After a single KEMET run, a tabular summary file is generated. It includes every "_HMM_hits" file information and incorporates them in a single table.

Moreover, the file includes further fields:

frame seq xseq
  • frame indicates the most likely translated reading-frame.

  • seq is the nucleotidic sequence as retrieved from the MAG/Genome.

  • xseq is the translated aminoacidic sequence derived from HMM seq using the generic Bacterial/Archaeal translation table (t11).


3) Genome-scale metabolic model gapfilling

The script connects missing KOs content, retrieved via HMM hits, to reactions in the BiGG namespace (ModelSEED namespace will be added in a next release).

Based on the --gsmm_mode parameter it operates in two different ways:

--gsmm_mode denovo allows an automatic gene-calling from MAG/Genome sequences using Prodigal, and automatically adds the hits retrieved with HMMs to proteins multiFASTA (.faa) files.

After that, KEMET performs a CarveMe reconstruction including these newly found sequences.
NOTE The usage thus described is subject to CarveMe dependences, including the IBM CPLEX Optimizer. More regarding the dependencies can be read about CarveMe installation procedure here.

Using this mode, the newly generated gene prediction and GSMM are included in the KEMET/de_novo_models folder.

--gsmm_mode existing allows the identified reactions to be incorporated in esisting genome-scale metabolic models (GSMMs) previously generated with CarveMe, if those are missing.

At time of manuscript publication (March 2022) the only tested way to add reaction to pre-existing GSMMs is via the ReFramed package.

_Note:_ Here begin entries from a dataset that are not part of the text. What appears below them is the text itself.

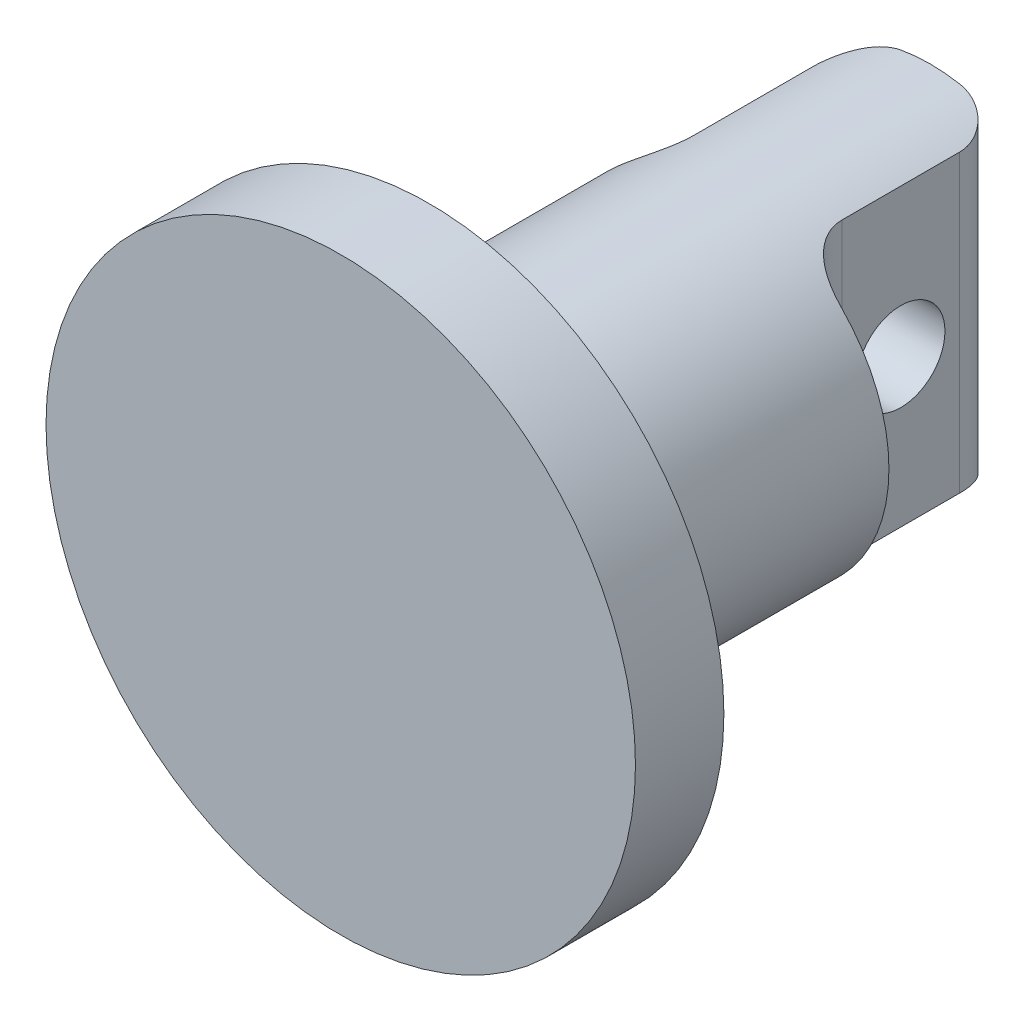
ISO-10303-21;
HEADER;
FILE_DESCRIPTION(('STEP AP214'),'2;1');
FILE_NAME('part.step','',(''),(''),'','','');
FILE_SCHEMA(('AUTOMOTIVE_DESIGN { 1 0 10303 214 1 1 1 1 }'));
ENDSEC;
DATA;
#1=APPLICATION_CONTEXT('core data for automotive mechanical design processes');
#2=APPLICATION_PROTOCOL_DEFINITION('international standard','automotive_design',2000,#1);
#3=PRODUCT_CONTEXT('',#1,'mechanical');
#4=PRODUCT('Part','Part','',(#3));
#5=PRODUCT_RELATED_PRODUCT_CATEGORY('part','',(#4));
#6=PRODUCT_DEFINITION_FORMATION('','',#4);
#7=PRODUCT_DEFINITION_CONTEXT('part definition',#1,'design');
#8=PRODUCT_DEFINITION('design','',#6,#7);
#9=PRODUCT_DEFINITION_SHAPE('','',#8);
#10=(LENGTH_UNIT() NAMED_UNIT(*) SI_UNIT(.MILLI.,.METRE.));
#11=(NAMED_UNIT(*) PLANE_ANGLE_UNIT() SI_UNIT($,.RADIAN.));
#12=(NAMED_UNIT(*) SI_UNIT($,.STERADIAN.) SOLID_ANGLE_UNIT());
#13=UNCERTAINTY_MEASURE_WITH_UNIT(LENGTH_MEASURE(1.E-05),#10,'distance_accuracy_value','');
#14=(GEOMETRIC_REPRESENTATION_CONTEXT(3) GLOBAL_UNCERTAINTY_ASSIGNED_CONTEXT((#13)) GLOBAL_UNIT_ASSIGNED_CONTEXT((#10,
#11,#12)) REPRESENTATION_CONTEXT('',''));
#15=CARTESIAN_POINT('',(0.,0.,0.));
#16=DIRECTION('',(0.,0.,1.));
#17=DIRECTION('',(1.,0.,0.));
#18=AXIS2_PLACEMENT_3D('',#15,#16,#17);
#19=CARTESIAN_POINT('',(0.,0.,0.));
#20=DIRECTION('',(0.,0.,1.));
#21=DIRECTION('',(1.,0.,0.));
#22=AXIS2_PLACEMENT_3D('',#19,#20,#21);
#23=PLANE('',#22);
#24=CARTESIAN_POINT('',(0.,0.,0.));
#25=DIRECTION('',(0.,0.,1.));
#26=DIRECTION('',(1.,0.,0.));
#27=AXIS2_PLACEMENT_3D('',#24,#25,#26);
#28=CIRCLE('',#27,8.6);
#29=CARTESIAN_POINT('',(8.6,0.,0.));
#30=VERTEX_POINT('',#29);
#31=EDGE_CURVE('E110',#30,#30,#28,.T.);
#32=ORIENTED_EDGE('',*,*,#31,.T.);
#33=EDGE_LOOP('',(#32));
#34=FACE_BOUND('',#33,.T.);
#35=CARTESIAN_POINT('',(0.,0.,0.));
#36=DIRECTION('',(0.,0.,1.));
#37=DIRECTION('',(1.,0.,0.));
#38=AXIS2_PLACEMENT_3D('',#35,#36,#37);
#39=CIRCLE('',#38,10.);
#40=CARTESIAN_POINT('',(10.,0.,0.));
#41=VERTEX_POINT('',#40);
#42=EDGE_CURVE('E242',#41,#41,#39,.T.);
#43=ORIENTED_EDGE('',*,*,#42,.F.);
#44=EDGE_LOOP('',(#43));
#45=FACE_BOUND('',#44,.T.);
#46=ADVANCED_FACE('F36',(#34,#45),#23,.F.);
#47=CARTESIAN_POINT('',(0.,0.,3.));
#48=DIRECTION('',(0.,0.,-1.));
#49=DIRECTION('',(-1.,0.,0.));
#50=AXIS2_PLACEMENT_3D('',#47,#48,#49);
#51=CYLINDRICAL_SURFACE('',#50,10.);
#52=CARTESIAN_POINT('',(0.,0.,3.));
#53=DIRECTION('',(0.,0.,1.));
#54=DIRECTION('',(1.,0.,0.));
#55=AXIS2_PLACEMENT_3D('',#52,#53,#54);
#56=CIRCLE('',#55,10.);
#57=CARTESIAN_POINT('',(10.,0.,3.));
#58=VERTEX_POINT('',#57);
#59=EDGE_CURVE('E363',#58,#58,#56,.T.);
#60=ORIENTED_EDGE('',*,*,#59,.F.);
#61=EDGE_LOOP('',(#60));
#62=FACE_BOUND('',#61,.T.);
#63=ORIENTED_EDGE('',*,*,#42,.T.);
#64=EDGE_LOOP('',(#63));
#65=FACE_BOUND('',#64,.T.);
#66=ADVANCED_FACE('F206',(#62,#65),#51,.T.);
#67=CARTESIAN_POINT('',(0.,0.,3.));
#68=DIRECTION('',(0.,0.,1.));
#69=DIRECTION('',(1.,0.,0.));
#70=AXIS2_PLACEMENT_3D('',#67,#68,#69);
#71=PLANE('',#70);
#72=ORIENTED_EDGE('',*,*,#59,.T.);
#73=EDGE_LOOP('',(#72));
#74=FACE_BOUND('',#73,.T.);
#75=ADVANCED_FACE('F155',(#74),#71,.T.);
#76=CARTESIAN_POINT('',(0.,0.,-17.));
#77=DIRECTION('',(0.,0.,1.));
#78=DIRECTION('',(1.,0.,0.));
#79=AXIS2_PLACEMENT_3D('',#76,#77,#78);
#80=CYLINDRICAL_SURFACE('',#79,5.6);
#81=CARTESIAN_POINT('',(0.,0.,-3.));
#82=DIRECTION('',(0.,0.,1.));
#83=DIRECTION('',(1.,0.,0.));
#84=AXIS2_PLACEMENT_3D('',#81,#82,#83);
#85=CIRCLE('',#84,5.6);
#86=CARTESIAN_POINT('',(5.6,0.,-3.));
#87=VERTEX_POINT('',#86);
#88=EDGE_CURVE('E125',#87,#87,#85,.F.);
#89=ORIENTED_EDGE('',*,*,#88,.T.);
#90=EDGE_LOOP('',(#89));
#91=FACE_BOUND('',#90,.T.);
#92=DIRECTION('',(0.,0.,1.));
#93=VECTOR('',#92,1.);
#94=CARTESIAN_POINT('',(-2.5,-5.01098792654702,-17.));
#95=LINE('',#94,#93);
#96=CARTESIAN_POINT('',(-2.5,-5.01098792654702,-11.5));
#97=VERTEX_POINT('',#96);
#98=CARTESIAN_POINT('',(-2.5,-5.01098792654702,-15.5));
#99=VERTEX_POINT('',#98);
#100=EDGE_CURVE('E108',#97,#99,#95,.F.);
#101=ORIENTED_EDGE('',*,*,#100,.T.);
#102=CARTESIAN_POINT('',(-2.5,-5.01098792654702,-15.5));
#103=CARTESIAN_POINT('',(-2.5000020804932,-5.01098386540568,-15.5395725011254));
#104=CARTESIAN_POINT('',(-2.49843294481036,-5.01177002350182,-15.5791239922962));
#105=CARTESIAN_POINT('',(-2.49218861536451,-5.01487928972236,-15.6579048751711));
#106=CARTESIAN_POINT('',(-2.48751464530948,-5.017201792326,-15.6971343876123));
#107=CARTESIAN_POINT('',(-2.46895310911888,-5.02637746679336,-15.8135594581204));
#108=CARTESIAN_POINT('',(-2.45052502289085,-5.03543974754558,-15.88991104718));
#109=CARTESIAN_POINT('',(-2.40237161237888,-5.05858790620674,-16.0379794446277));
#110=CARTESIAN_POINT('',(-2.37265886624782,-5.07266818985616,-16.1097013096591));
#111=CARTESIAN_POINT('',(-2.30298371585328,-5.10467755632712,-16.2471099442359));
#112=CARTESIAN_POINT('',(-2.2630111953227,-5.12261043499499,-16.312790669817));
#113=CARTESIAN_POINT('',(-2.17141281857218,-5.16213023737658,-16.4403776451357));
#114=CARTESIAN_POINT('',(-2.11924950501061,-5.18386787648468,-16.5018504279728));
#115=CARTESIAN_POINT('',(-2.00607340449965,-5.22870677700186,-16.615459784027));
#116=CARTESIAN_POINT('',(-1.94505678929908,-5.25180862573225,-16.667592296518));
#117=CARTESIAN_POINT('',(-1.81019268688118,-5.29987993214784,-16.7653363169122));
#118=CARTESIAN_POINT('',(-1.73570424955865,-5.32484780646086,-16.8100673581615));
#119=CARTESIAN_POINT('',(-1.57974465073416,-5.37317998442629,-16.886151142896));
#120=CARTESIAN_POINT('',(-1.49827861035609,-5.39654544185285,-16.9175135987391));
#121=CARTESIAN_POINT('',(-1.34760565609259,-5.43587189487601,-16.960819199001));
#122=CARTESIAN_POINT('',(-1.27929438996599,-5.45237039149003,-16.9754206613721));
#123=CARTESIAN_POINT('',(-1.14076362477681,-5.48304543588229,-16.9950256519124));
#124=CARTESIAN_POINT('',(-1.07054304586715,-5.49722063643315,-17.0000236291209));
#125=CARTESIAN_POINT('',(-1.,-5.50999092558236,-17.));
#126=B_SPLINE_CURVE_WITH_KNOTS('',3,(#102,#103,#104,#105,#106,#107,#108,#109,#110,#111,#112,
#113,#114,#115,#116,#117,#118,#119,#120,#121,#122,#123,#124,#125),.UNSPECIFIED.,.F.,.F.,(4,2,2,
2,2,2,2,2,2,2,2,4),(0.,0.118637964226897,0.237229197409223,0.473170501747677,0.708849588412844,
0.944761956370707,1.19422423603551,1.44379470880183,1.71375047222331,1.98350977549838,
2.19815830777773,2.41293087289718),.UNSPECIFIED.);
#127=CARTESIAN_POINT('',(-1.,-5.50999092558236,-17.));
#128=VERTEX_POINT('',#127);
#129=EDGE_CURVE('E171',#99,#128,#126,.T.);
#130=ORIENTED_EDGE('',*,*,#129,.T.);
#131=CARTESIAN_POINT('',(0.,0.,-17.));
#132=DIRECTION('',(0.,0.,-1.));
#133=DIRECTION('',(-1.,0.,0.));
#134=AXIS2_PLACEMENT_3D('',#131,#132,#133);
#135=CIRCLE('',#134,5.6);
#136=CARTESIAN_POINT('',(1.,-5.50999092558236,-17.));
#137=VERTEX_POINT('',#136);
#138=EDGE_CURVE('E243',#137,#128,#135,.T.);
#139=ORIENTED_EDGE('',*,*,#138,.F.);
#140=CARTESIAN_POINT('',(1.,-5.50999092558236,-17.));
#141=CARTESIAN_POINT('',(1.0431357750744,-5.50216525904986,-17.0000002889022));
#142=CARTESIAN_POINT('',(1.08615359317973,-5.49383123010131,-16.9981384460265));
#143=CARTESIAN_POINT('',(1.17166685141476,-5.47623015731936,-16.9907624586411));
#144=CARTESIAN_POINT('',(1.21416247296195,-5.46696344841963,-16.9852496212957));
#145=CARTESIAN_POINT('',(1.3401887639641,-5.43794852352108,-16.9633914739219));
#146=CARTESIAN_POINT('',(1.42256390588289,-5.41692970323941,-16.9417254477834));
#147=CARTESIAN_POINT('',(1.58180278663491,-5.37259209995911,-16.8851540203785));
#148=CARTESIAN_POINT('',(1.65867169675423,-5.34927552517556,-16.8502612403694));
#149=CARTESIAN_POINT('',(1.80531751706315,-5.30158259710547,-16.7682756767982));
#150=CARTESIAN_POINT('',(1.87508918255689,-5.2772054788231,-16.7211739610188));
#151=CARTESIAN_POINT('',(2.0083556690194,-5.22797720762672,-16.6139160966464));
#152=CARTESIAN_POINT('',(2.07151596208769,-5.20314268003664,-16.5533357924905));
#153=CARTESIAN_POINT('',(2.18673797636213,-5.15577972730389,-16.4215791801319));
#154=CARTESIAN_POINT('',(2.23879824157279,-5.1332516048946,-16.3504014839417));
#155=CARTESIAN_POINT('',(2.32948785162619,-5.0927330594954,-16.2000525597936));
#156=CARTESIAN_POINT('',(2.36827835891485,-5.07468897321799,-16.1209935103895));
#157=CARTESIAN_POINT('',(2.43160009913251,-5.04465718708589,-15.9563554350108));
#158=CARTESIAN_POINT('',(2.45616029662659,-5.03265719156463,-15.8707900567923));
#159=CARTESIAN_POINT('',(2.48193557874058,-5.01996911315989,-15.7369083960247));
#160=CARTESIAN_POINT('',(2.48869640698838,-5.01661546402954,-15.6898457537173));
#161=CARTESIAN_POINT('',(2.49773104489937,-5.01212031245242,-15.5951999860403));
#162=CARTESIAN_POINT('',(2.50000596090449,-5.01097826456884,-15.5476169919148));
#163=CARTESIAN_POINT('',(2.5,-5.01098792654702,-15.5));
#164=B_SPLINE_CURVE_WITH_KNOTS('',3,(#140,#141,#142,#143,#144,#145,#146,#147,#148,#149,#150,
#151,#152,#153,#154,#155,#156,#157,#158,#159,#160,#161,#162,#163),.UNSPECIFIED.,.F.,.F.,(4,2,2,
2,2,2,2,2,2,2,2,4),(0.,0.131429504807568,0.262811979376038,0.52465896302352,0.786256712976935,
1.04804639414124,1.31967659915426,1.59134241212977,1.85958079849224,2.12727127325902,
2.27002499369472,2.4127435029665),.UNSPECIFIED.);
#165=CARTESIAN_POINT('',(2.5,-5.01098792654702,-15.5));
#166=VERTEX_POINT('',#165);
#167=EDGE_CURVE('E133',#137,#166,#164,.T.);
#168=ORIENTED_EDGE('',*,*,#167,.T.);
#169=DIRECTION('',(0.,0.,1.));
#170=VECTOR('',#169,1.);
#171=CARTESIAN_POINT('',(2.5,-5.01098792654702,-17.));
#172=LINE('',#171,#170);
#173=CARTESIAN_POINT('',(2.5,-5.01098792654702,-11.5));
#174=VERTEX_POINT('',#173);
#175=EDGE_CURVE('E120',#166,#174,#172,.T.);
#176=ORIENTED_EDGE('',*,*,#175,.T.);
#177=CARTESIAN_POINT('',(2.5,-5.01098792654702,-11.5));
#178=CARTESIAN_POINT('',(2.49999844532188,-5.01098605975963,-11.4616087248729));
#179=CARTESIAN_POINT('',(2.50147503292777,-5.01025231108213,-11.4232363931987));
#180=CARTESIAN_POINT('',(2.50735348108305,-5.00731410603619,-11.3467785175572));
#181=CARTESIAN_POINT('',(2.51175493108791,-5.00510985607259,-11.3086929340996));
#182=CARTESIAN_POINT('',(2.52926194656355,-4.99630013425496,-11.1954739584162));
#183=CARTESIAN_POINT('',(2.54667063879383,-4.98749773902104,-11.1211207884798));
#184=CARTESIAN_POINT('',(2.59216946245848,-4.96400076184108,-10.9767905047417));
#185=CARTESIAN_POINT('',(2.62026021251362,-4.94930583864348,-10.9068136446547));
#186=CARTESIAN_POINT('',(2.68583584980902,-4.91402750126924,-10.7730039536221));
#187=CARTESIAN_POINT('',(2.72332327114746,-4.89344249844124,-10.709172786487));
#188=CARTESIAN_POINT('',(2.80690028343339,-4.8459942461289,-10.5878278514886));
#189=CARTESIAN_POINT('',(2.85315683574015,-4.81900603636376,-10.5304785632747));
#190=CARTESIAN_POINT('',(2.95167990030185,-4.75929602991547,-10.4247089164592));
#191=CARTESIAN_POINT('',(3.00394464051544,-4.72657592230139,-10.3762859360669));
#192=CARTESIAN_POINT('',(3.11692455378363,-4.65292232365463,-10.2851460559756));
#193=CARTESIAN_POINT('',(3.1779812305425,-4.61153525982092,-10.2432230603618));
#194=CARTESIAN_POINT('',(3.30259788637749,-4.52312917531629,-10.1700105708581));
#195=CARTESIAN_POINT('',(3.36616437104541,-4.47609477201399,-10.1387510539356));
#196=CARTESIAN_POINT('',(3.47863230154504,-4.38895526792786,-10.0925366978604));
#197=CARTESIAN_POINT('',(3.52745519326802,-4.34983358810063,-10.0754750754575));
#198=CARTESIAN_POINT('',(3.624733043728,-4.26911086138937,-10.0468148597547));
#199=CARTESIAN_POINT('',(3.67318758591487,-4.22750737532109,-10.0352217441161));
#200=CARTESIAN_POINT('',(3.76886997937975,-4.14242568117838,-10.0171181181185));
#201=CARTESIAN_POINT('',(3.8161032057753,-4.09895936269225,-10.0105793259212));
#202=CARTESIAN_POINT('',(3.90916509774067,-4.01030876341671,-10.0020267392921));
#203=CARTESIAN_POINT('',(3.95499655700509,-3.96512836484636,-10.0000032754364));
#204=CARTESIAN_POINT('',(4.,-3.91918358845308,-10.));
#205=B_SPLINE_CURVE_WITH_KNOTS('',3,(#177,#178,#179,#180,#181,#182,#183,#184,#185,#186,#187,
#188,#189,#190,#191,#192,#193,#194,#195,#196,#197,#198,#199,#200,#201,#202,#203,#204),
.UNSPECIFIED.,.F.,.F.,(4,2,2,2,2,2,2,2,2,2,2,2,2,4),(0.,0.115101046934982,0.230185941272075,
0.459593197899069,0.689013742013861,0.918496223045589,1.15289102850619,1.38721687860825,
1.64076447615015,1.89501907870281,2.089284445406,2.28374399162558,2.47710738617681,
2.6700563005188),.UNSPECIFIED.);
#206=CARTESIAN_POINT('',(4.,-3.91918358845308,-10.));
#207=VERTEX_POINT('',#206);
#208=EDGE_CURVE('E12',#174,#207,#205,.T.);
#209=ORIENTED_EDGE('',*,*,#208,.T.);
#210=CARTESIAN_POINT('',(0.,0.,-10.));
#211=DIRECTION('',(0.,0.,-1.));
#212=DIRECTION('',(-1.,0.,0.));
#213=AXIS2_PLACEMENT_3D('',#210,#211,#212);
#214=CIRCLE('',#213,5.6);
#215=CARTESIAN_POINT('',(4.,3.91918358845308,-10.));
#216=VERTEX_POINT('',#215);
#217=EDGE_CURVE('E123',#216,#207,#214,.T.);
#218=ORIENTED_EDGE('',*,*,#217,.F.);
#219=CARTESIAN_POINT('',(4.,3.91918358845308,-10.));
#220=CARTESIAN_POINT('',(3.9557336803865,3.96437492473145,-10.0000033469822));
#221=CARTESIAN_POINT('',(3.91066820298925,4.00882603571216,-10.001960904263));
#222=CARTESIAN_POINT('',(3.81918676707573,4.09607014262874,-10.0102269052185));
#223=CARTESIAN_POINT('',(3.77276836887405,4.1388597710828,-10.0165437429517));
#224=CARTESIAN_POINT('',(3.67865738367702,4.22273424589004,-10.0340382842501));
#225=CARTESIAN_POINT('',(3.63095793272987,4.26380422561554,-10.0452514247408));
#226=CARTESIAN_POINT('',(3.53517126489213,4.34355264612186,-10.0729679651696));
#227=CARTESIAN_POINT('',(3.48708440180229,4.38223303908223,-10.0894669767605));
#228=CARTESIAN_POINT('',(3.36770023341093,4.47512441155301,-10.1376084788785));
#229=CARTESIAN_POINT('',(3.29649458651223,4.52773396683386,-10.1727131624566));
#230=CARTESIAN_POINT('',(3.15741936012218,4.62578965948223,-10.2563691011738));
#231=CARTESIAN_POINT('',(3.08954041268094,4.67125681502645,-10.3048796978459));
#232=CARTESIAN_POINT('',(2.95967539347949,4.75461124064817,-10.4159885788762));
#233=CARTESIAN_POINT('',(2.89774353973631,4.7924317165616,-10.4787016416199));
#234=CARTESIAN_POINT('',(2.7841641032247,4.85930002163556,-10.6169749042305));
#235=CARTESIAN_POINT('',(2.73251858454951,4.88834609069483,-10.6925376769387));
#236=CARTESIAN_POINT('',(2.64857801238486,4.9342724729647,-10.844085980049));
#237=CARTESIAN_POINT('',(2.6146816186877,4.95221168523887,-10.918868913277));
#238=CARTESIAN_POINT('',(2.55937136974278,4.98102422435756,-11.074143720394));
#239=CARTESIAN_POINT('',(2.5379390462439,4.99190800812404,-11.1546269485125));
#240=CARTESIAN_POINT('',(2.51557298798128,5.00319512688941,-11.2799333289134));
#241=CARTESIAN_POINT('',(2.5097391768057,5.00612014491925,-11.3237216604271));
#242=CARTESIAN_POINT('',(2.50195365053542,5.01001359195367,-11.4116649506208));
#243=CARTESIAN_POINT('',(2.49999639781366,5.01098481197141,-11.4558192957153));
#244=CARTESIAN_POINT('',(2.5,5.01098792654702,-11.5));
#245=B_SPLINE_CURVE_WITH_KNOTS('',3,(#219,#220,#221,#222,#223,#224,#225,#226,#227,#228,#229,
#230,#231,#232,#233,#234,#235,#236,#237,#238,#239,#240,#241,#242,#243,#244),.UNSPECIFIED.,.F.,
.F.,(4,2,2,2,2,2,2,2,2,2,2,2,4),(0.,0.189784007279751,0.379934478566911,0.571484582290015,
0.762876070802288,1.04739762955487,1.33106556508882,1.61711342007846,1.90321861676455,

Further improvement would permit adding it through the cobrapy platform.

Informations regarding reaction gapfilling (if performed using the --gsmm_mode existing parameter) are included in several output files:

- bigg_log_FASTA.txt

A flat-file with the indication of every BiGG reaction that potentially could be added to the model in input, defined with the FASTA name. The BiGG reactions are included in a one per line format.

- FASTA_added_reactions

A flat-file with the reactions that were actually added for a given MAG/Genome-derived GSMM, defined with the FASTA name. Reaction names are indicated one per line. followed by the respective reaction string.

- gapfilled model

Individual GSMMs are saved again after the gapfilling procedure with new reactions and metabolites content as FASTA_KEGGadd_DATE.xml, where FASTA follows the input definition and DATE includes the day of analysis. Files generated this way are stored in the KEMET/model_gapfilled/ folder.